Ok. Your fix is a fix, not a band-aid.

Taking the bug back to myself.

I will wait for your unified diff.

This structure should be documented. I will write that up while waiting for your diff. Back-porting to the 8.5 and 8.4 branches should be easy.

twylite added on 2010-09-23 05:33:34:
> seems that you are putting the locks around the statement
>
> "infoPtr->acceptEventCount--;"

Sorry, doesn't sound right.  I think the lock is meant to be around this code block:

1483          infoPtr->acceptEventCount--;
1484
1485    if (infoPtr->acceptEventCount <= 0) {
1486        infoPtr->readyEvents &= ~(FD_ACCEPT);
1487    }
1488

twylite added on 2010-09-23 05:31:21:
Hi,

> Can you provide us with a unified diff for the patch ? Or context diff.
Will do so tomorrow, I don't have the codebase on this PC.
> Anything which tells me not just the line numbers, but also shows the
> relevant code and things around it. Using the line number with Tcl Head it
> seems that you are putting the locks around the statement
>
>     "infoPtr->acceptEventCount--;"

Sounds about right.

> Except that there are other statements also modifying/querying
> acceptEventCount and possinbly should be locked as well.

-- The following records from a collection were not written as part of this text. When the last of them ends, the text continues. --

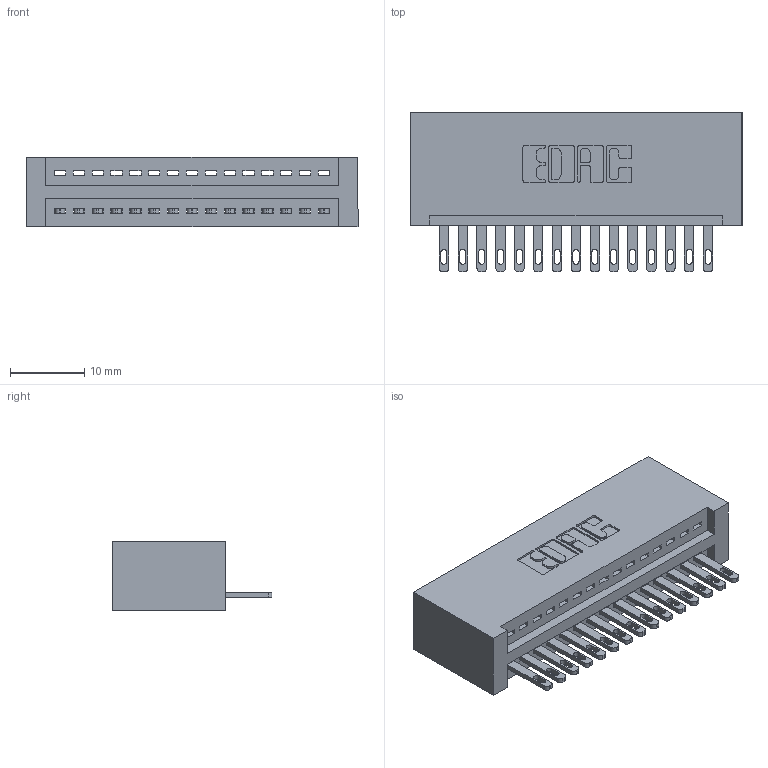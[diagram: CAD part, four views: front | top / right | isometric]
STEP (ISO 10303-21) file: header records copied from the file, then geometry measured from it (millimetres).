
FILE_DESCRIPTION (( 'STEP AP203' ), '1' );
FILE_NAME ('895-015-500-101.STEP', '2020-09-25T03:40:58', ( '' ), ( '' ), 'SwSTEP 2.0', 'SolidWorks 2020', '' );
FILE_SCHEMA (( 'CONFIG_CONTROL_DESIGN' ));
Length unit declared in the file: inch
Products named in the file (3): 845 Part_No Mounting Lugs; 895-015-500-101; 345-292-001_345-293-100
Assembly tree (16 placements, depth 2):
  895-015-500-101
    845 Part_No Mounting Lugs
    345-292-001_345-293-100  x15
Bounding box: 44.7 x 21.51 x 9.4 mm (x, y, z)
Volume: 4618.5 mm3; surface area: 5994.4 mm2
Topology: 16 solids, 16 shells, 928 faces, 2837 edges, 1890 vertices
Faces by surface type: plane 586, cylinder 342
Entity records: 14577 total; most frequent: CARTESIAN_POINT 2533, ORIENTED_EDGE 2482, DIRECTION 2247, EDGE_CURVE 1241, VECTOR 1053, LINE 1053, VERTEX_POINT 826, AXIS2_PLACEMENT_3D 597
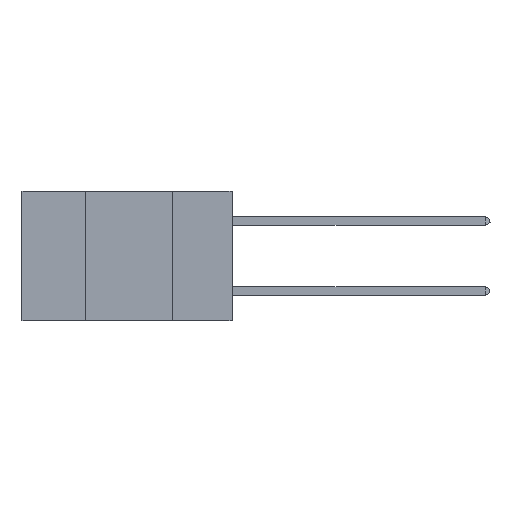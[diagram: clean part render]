
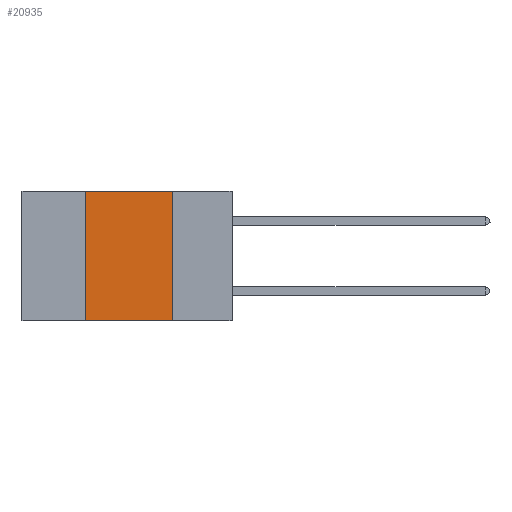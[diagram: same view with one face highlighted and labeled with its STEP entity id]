
A CAD part, left-side view. The second image highlights one B-rep face of the part: STEP entity #20935.
In plain terms, the highlighted planar face has unit normal (-1, 0, 0).
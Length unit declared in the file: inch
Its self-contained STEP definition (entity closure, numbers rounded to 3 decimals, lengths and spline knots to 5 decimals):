
#1278 = CARTESIAN_POINT ( 'NONE',  ( 0., 0.6, 0. ) ) ;
#1894 = EDGE_CURVE ( 'NONE', #17036, #13955, #11456, .T. ) ;
#2380 = CARTESIAN_POINT ( 'NONE',  ( 0., 0.42, 0. ) ) ;
#3304 = DIRECTION ( 'NONE',  ( 0., 0., -1. ) ) ;
#3405 = EDGE_CURVE ( 'NONE', #23973, #17036, #7731, .T. ) ;
#4000 = CARTESIAN_POINT ( 'NONE',  ( 0., 0.17, -0.37 ) ) ;
#4376 = DIRECTION ( 'NONE',  ( 0., 0., 1. ) ) ;
#7731 = LINE ( 'NONE', #2380, #17643 ) ;
#8080 = VECTOR ( 'NONE', #19086, 39.37008 ) ;
#9078 = CARTESIAN_POINT ( 'NONE',  ( 0., 0.6, -0.37 ) ) ;
#9243 = CARTESIAN_POINT ( 'NONE',  ( 0., 0.17, 0. ) ) ;
#9322 = CARTESIAN_POINT ( 'NONE',  ( 0., 0.6, 0. ) ) ;
#10422 = EDGE_LOOP ( 'NONE', ( #12759, #23135, #23727, #13981 ) ) ;
#11019 = VECTOR ( 'NONE', #11100, 39.37008 ) ;
#11100 = DIRECTION ( 'NONE',  ( 0., -1., 0. ) ) ;
#11257 = PLANE ( 'NONE',  #23459 ) ;
#11456 = LINE ( 'NONE', #9322, #16671 ) ;
#12091 = EDGE_CURVE ( 'NONE', #23973, #22980, #21481, .T. ) ;
#12759 = ORIENTED_EDGE ( 'NONE', *, *, #22759, .F. ) ;
#13955 = VERTEX_POINT ( 'NONE', #23721 ) ;
#13981 = ORIENTED_EDGE ( 'NONE', *, *, #12091, .T. ) ;
#14739 = FACE_OUTER_BOUND ( 'NONE', #10422, .T. ) ;
#15242 = DIRECTION ( 'NONE',  ( 1., 0., 0. ) ) ;
#15332 = DIRECTION ( 'NONE',  ( 0., -1., 0. ) ) ;
#16671 = VECTOR ( 'NONE', #15332, 39.37008 ) ;
#17036 = VERTEX_POINT ( 'NONE', #18767 ) ;
#17643 = VECTOR ( 'NONE', #4376, 39.37008 ) ;
#18686 = CARTESIAN_POINT ( 'NONE',  ( 0., 0.42, -0.37 ) ) ;
#18767 = CARTESIAN_POINT ( 'NONE',  ( 0., 0.42, 0. ) ) ;
#19086 = DIRECTION ( 'NONE',  ( 0., 0., -1. ) ) ;
#20935 = ADVANCED_FACE ( 'NONE', ( #14739 ), #11257, .F. ) ;
#21481 = LINE ( 'NONE', #9078, #11019 ) ;
#22759 = EDGE_CURVE ( 'NONE', #13955, #22980, #23759, .T. ) ;
#22980 = VERTEX_POINT ( 'NONE', #4000 ) ;
#23135 = ORIENTED_EDGE ( 'NONE', *, *, #1894, .F. ) ;
#23459 = AXIS2_PLACEMENT_3D ( 'NONE', #1278, #15242, #3304 ) ;
#23721 = CARTESIAN_POINT ( 'NONE',  ( 0., 0.17, 0. ) ) ;
#23727 = ORIENTED_EDGE ( 'NONE', *, *, #3405, .F. ) ;
#23759 = LINE ( 'NONE', #9243, #8080 ) ;
#23973 = VERTEX_POINT ( 'NONE', #18686 ) ;

Yes.  I seem to recall checking that the other modifications were safe.  But I also recall adding info about this to the bug report, which I clearly didn't do :(  I guess I'll look again.

> Another issue I have is that it is extremely unclear how this structure is
> modified by multiple threads. This may be my own non-knowledge of the
> (windows) notifier, so I hope you can enlighten me.

The trick, if I understand it, is that each thread has a socketList in thread-specific-data (tsdPtr), and also a "co-thread" (tsdPtr->socketThread) to receive WSAAsyncSelect() events into SocketProc().

SocketProc() calls Tcl_ThreadAlert() to queue the events that will be handled by SocketEventProc().

The tsdPtr->socketListLock is used to prevent race conditions between the interp thread and "co-thread" while accessing tsdPtr.

> First, the socket should be owned by a single thread and no other should
> access it.

The socket is accessed by the co-thread.  tsdPtr is used to communicate between the interp thread and the co-thread.  This is a race condition between those threads.

One example of the race condition is when there is a context switch immediately after checking the acceptEventCount in TcpAccept():
  Thread1 (TcpAccept) : infoPtr->acceptEventcount--;
  Thread1 (TcpAccept) : if (infoPtr->acceptEventCount <= 0) {
  ** context switch **
  Thread2 (SocketProc) : infoPtr->readEvents |= event;
  Thread2 (SocketProc) : ...
  ** context switch **
  Thread1 (TcpAccept) :   infoPtr->readEvents &= ~(FD_ACCEPT);

andreas_kupries added on 2010-09-23 04:23:55:
Hi Twylite. Having started to look into this a few questions ...

Can you provide us with a unified diff for the patch ? Or context diff. Anything which tells me not just the line numbers, but also shows the relevant code and things around it. Using the line number with Tcl Head it seems that you are putting the locks around the statement

    "infoPtr->acceptEventCount--;"

however I am not sure. With the plain patch I am left guessing. even if my guess seems sensible.
Except that there are other statements also modifying/querying acceptEventCount and possinbly should be locked as well.

Another issue I have is that it is extremely unclear how this structure is modified by multiple threads. This may be my own non-knowledge of the (windows) notifier, so I hope you can enlighten me.

First, the socket should be owned by a single thread and no other should access it.

Second,  when I traced the call-sequence a bit I saw that TcpAccept is called by SocketEventProc, which is the action function for an Event. Events are in queues, one queue per thread, so when a socket is ready the newly minted event is put into a single queue, of the current thread.

So, if multiple threads truly access the structure, then that may be the bug, making the locks you set a band-aid hiding the actual problem. I hope you understand now why I wish to know more.

I am now temporarily re-assigning this bug to Jeff to get his input on this well.